Li Ning-Li, Nie Hong, Yu Qi-Wen, Zhang Ji-Ying, Ma An-Lun, Shen Bai-Hua, Wang Li, Bai Jun, Chen Xue-Hua, Zhou Tong, Zhang Dong-Qing
Department of Immunology, Shanghai Second Medical University, Shanghai Institute of Immunology, Shanghai 200025, China.
World J Gastroenterol. 2004 Nov 1;10(21):3151-6. doi: 10.3748/wjg.v10.i21.3151.
To investigate the role of soluble Fas ligand in autoimmune diseases.
RT-PCR was performed to amplify sFasL cDNA from the total RNA extracted from activated human peripheral blood lymphocytes. DNA fragments were cloned into PCR vector. After sequenced, sFasL gene fragments were inserted into pQE-31 vector and expressed in E. Coli M15 respectively. Proteins were purified through affinity chromatography column with ligand of 6XHis tag and identified by SDS-PAGE and Western blot. Mice were immunized with sFasL protein and specific anti-serum was harvested 6 wk after immunization. Monoclonal anti-human FasL antibody was made from the immunized mice. Serum level of sFasL in different patients was detected using anti-FasL antibodies from the immunized mice.
The protein expressed was 24 ku by SDS-PAGE electrophrosis. The protein was specially bound to anti-human FasL antibody by Western blot analysis. The sFasL protein could induce Jurket cell apoptosis in vitro. The concentration of serum sFasL in patients with autoimmune diseases was higher than that in normal individuals. sFasL could reduce arthritis in collagen induced arthritis (CIA) mice model by subcutaneous injection.

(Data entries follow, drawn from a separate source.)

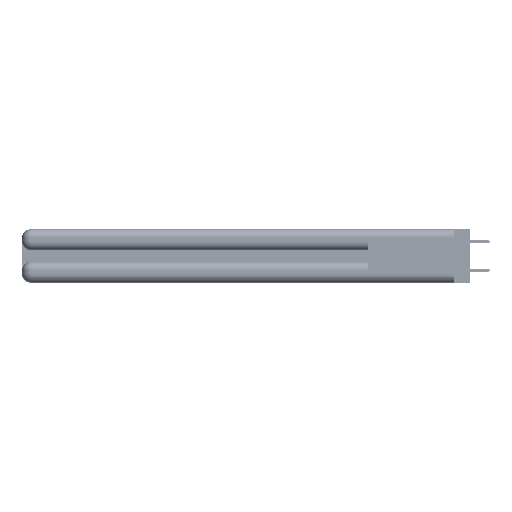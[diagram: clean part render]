
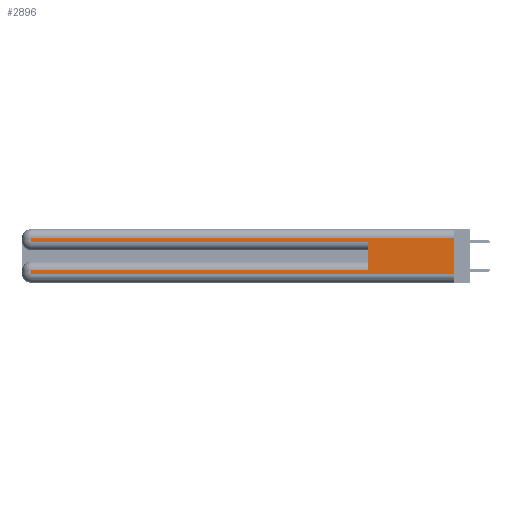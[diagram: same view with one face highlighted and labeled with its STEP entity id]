
A CAD part, left-side view. The second image highlights one B-rep face of the part: STEP entity #2896.
In plain terms, the highlighted planar face has unit normal (-1, 0, 0).
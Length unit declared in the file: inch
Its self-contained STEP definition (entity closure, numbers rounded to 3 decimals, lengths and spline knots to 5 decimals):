
#2896 = ADVANCED_FACE ( 'NONE', ( #29547 ), #12470, .F. ) ;
#3367 = CARTESIAN_POINT ( 'NONE',  ( 0., 0., 0.31 ) ) ;
#3743 = CARTESIAN_POINT ( 'NONE',  ( 0., 0., 0.31 ) ) ;
#3960 = CARTESIAN_POINT ( 'NONE',  ( 0., 0., 0.06 ) ) ;
#4173 = EDGE_CURVE ( 'NONE', #27362, #32474, #5583, .T. ) ;
#5372 = CARTESIAN_POINT ( 'NONE',  ( 0., 2.94, 0.285 ) ) ;
#5583 = LINE ( 'NONE', #3960, #26224 ) ;
#6768 = DIRECTION ( 'NONE',  ( 0., 1., 0. ) ) ;
#7813 = VERTEX_POINT ( 'NONE', #46688 ) ;
#8190 = CARTESIAN_POINT ( 'NONE',  ( 0., 0.6, 0.145 ) ) ;
#8402 = CARTESIAN_POINT ( 'NONE',  ( 0., 0., 0.06 ) ) ;
#9230 = CARTESIAN_POINT ( 'NONE',  ( 0., 0.6, 0.085 ) ) ;
#11685 = LINE ( 'NONE', #39881, #41890 ) ;
#11721 = AXIS2_PLACEMENT_3D ( 'NONE', #45451, #20901, #49540 ) ;
#12172 = DIRECTION ( 'NONE',  ( 0., -1., 0. ) ) ;
#12355 = CARTESIAN_POINT ( 'NONE',  ( 0., 2.94, 0.31 ) ) ;
#12470 = PLANE ( 'NONE',  #11721 ) ;
#12741 = VERTEX_POINT ( 'NONE', #3367 ) ;
#12975 = ORIENTED_EDGE ( 'NONE', *, *, #31774, .F. ) ;
#15275 = DIRECTION ( 'NONE',  ( 0., 0., -1. ) ) ;
#15437 = ORIENTED_EDGE ( 'NONE', *, *, #4173, .T. ) ;
#15750 = DIRECTION ( 'NONE',  ( 0., 0., -1. ) ) ;
#15757 = LINE ( 'NONE', #8190, #49692 ) ;
#16429 = LINE ( 'NONE', #35565, #47828 ) ;
#16553 = DIRECTION ( 'NONE',  ( 0., 0., 1. ) ) ;
#16812 = VERTEX_POINT ( 'NONE', #9230 ) ;
#17851 = ORIENTED_EDGE ( 'NONE', *, *, #40272, .T. ) ;
#18311 = EDGE_CURVE ( 'NONE', #7813, #27362, #11685, .T. ) ;
#18435 = VECTOR ( 'NONE', #52980, 39.37008 ) ;
#19317 = ORIENTED_EDGE ( 'NONE', *, *, #37735, .F. ) ;
#19368 = LINE ( 'NONE', #44820, #52035 ) ;
#20277 = DIRECTION ( 'NONE',  ( 0., 0., -1. ) ) ;
#20901 = DIRECTION ( 'NONE',  ( 1., 0., 0. ) ) ;
#21498 = ORIENTED_EDGE ( 'NONE', *, *, #24232, .T. ) ;
#24232 = EDGE_CURVE ( 'NONE', #44944, #40533, #26756, .T. ) ;
#25077 = CARTESIAN_POINT ( 'NONE',  ( 0., 0.6, 0.285 ) ) ;
#25787 = ORIENTED_EDGE ( 'NONE', *, *, #31527, .T. ) ;
#25910 = DIRECTION ( 'NONE',  ( 0., -1., 0. ) ) ;
#26224 = VECTOR ( 'NONE', #12172, 39.37008 ) ;
#26756 = LINE ( 'NONE', #32016, #36407 ) ;
#27362 = VERTEX_POINT ( 'NONE', #36764 ) ;
#29482 = EDGE_LOOP ( 'NONE', ( #19317, #17851, #21498, #30821, #12975, #25787, #52339, #15437 ) ) ;
#29547 = FACE_OUTER_BOUND ( 'NONE', #29482, .T. ) ;
#29837 = CARTESIAN_POINT ( 'NONE',  ( 0., 0., 0.285 ) ) ;
#30581 = VERTEX_POINT ( 'NONE', #25077 ) ;
#30821 = ORIENTED_EDGE ( 'NONE', *, *, #40517, .T. ) ;
#31527 = EDGE_CURVE ( 'NONE', #16812, #7813, #16429, .T. ) ;
#31774 = EDGE_CURVE ( 'NONE', #16812, #30581, #15757, .T. ) ;
#32016 = CARTESIAN_POINT ( 'NONE',  ( 0., 2.94, 0.37 ) ) ;
#32474 = VERTEX_POINT ( 'NONE', #8402 ) ;
#34101 = VECTOR ( 'NONE', #25910, 39.37008 ) ;
#35565 = CARTESIAN_POINT ( 'NONE',  ( 0., 0., 0.085 ) ) ;
#36407 = VECTOR ( 'NONE', #15750, 39.37008 ) ;
#36764 = CARTESIAN_POINT ( 'NONE',  ( 0., 2.94, 0.06 ) ) ;
#37735 = EDGE_CURVE ( 'NONE', #12741, #32474, #19368, .T. ) ;
#39881 = CARTESIAN_POINT ( 'NONE',  ( 0., 2.94, 0.37 ) ) ;
#40272 = EDGE_CURVE ( 'NONE', #12741, #44944, #51098, .T. ) ;
#40517 = EDGE_CURVE ( 'NONE', #40533, #30581, #45018, .T. ) ;
#40533 = VERTEX_POINT ( 'NONE', #5372 ) ;
#41890 = VECTOR ( 'NONE', #15275, 39.37008 ) ;
#44820 = CARTESIAN_POINT ( 'NONE',  ( 0., 0., 0.37 ) ) ;
#44944 = VERTEX_POINT ( 'NONE', #12355 ) ;
#45018 = LINE ( 'NONE', #29837, #34101 ) ;
#45451 = CARTESIAN_POINT ( 'NONE',  ( 0., 0., 0.37 ) ) ;
#46688 = CARTESIAN_POINT ( 'NONE',  ( 0., 2.94, 0.085 ) ) ;
#47828 = VECTOR ( 'NONE', #6768, 39.37008 ) ;
#49540 = DIRECTION ( 'NONE',  ( 0., 0., -1. ) ) ;
#49692 = VECTOR ( 'NONE', #16553, 39.37008 ) ;
#51098 = LINE ( 'NONE', #3743, #18435 ) ;
#52035 = VECTOR ( 'NONE', #20277, 39.37008 ) ;
#52339 = ORIENTED_EDGE ( 'NONE', *, *, #18311, .T. ) ;
#52980 = DIRECTION ( 'NONE',  ( 0., 1., 0. ) ) ;

sFasL may be involved in either induction of apoptosis or autoimmune diseases. Furthermore, sFasL may have potential application in treatment of autoimmune diseases.
探讨可溶性Fas配体在自身免疫性疾病中的作用。
采用逆转录-聚合酶链反应(RT-PCR)从活化的人外周血淋巴细胞提取的总RNA中扩增可溶性Fas配体(sFasL)cDNA。将DNA片段克隆到PCR载体中。测序后,将sFasL基因片段分别插入pQE-31载体并在大肠杆菌M15中表达。通过6XHis标签配体亲和层析柱纯化蛋白,并用十二烷基硫酸钠-聚丙烯酰胺凝胶电泳(SDS-PAGE)和蛋白质印迹法进行鉴定。用sFasL蛋白免疫小鼠,免疫6周后收集特异性抗血清。从免疫小鼠制备单克隆抗人FasL抗体。用免疫小鼠产生的抗FasL抗体检测不同患者血清中sFasL水平。
SDS-PAGE电泳显示表达的蛋白分子量为24 ku。蛋白质印迹分析表明该蛋白能与抗人FasL抗体特异性结合。sFasL蛋白在体外可诱导Jurket细胞凋亡。自身免疫性疾病患者血清sFasL浓度高于正常个体。皮下注射sFasL可减轻胶原诱导性关节炎(CIA)小鼠模型的关节炎症状。
sFasL可能参与细胞凋亡的诱导或自身免疫性疾病的发生。此外,sFasL在自身免疫性疾病治疗中可能具有潜在应用价值。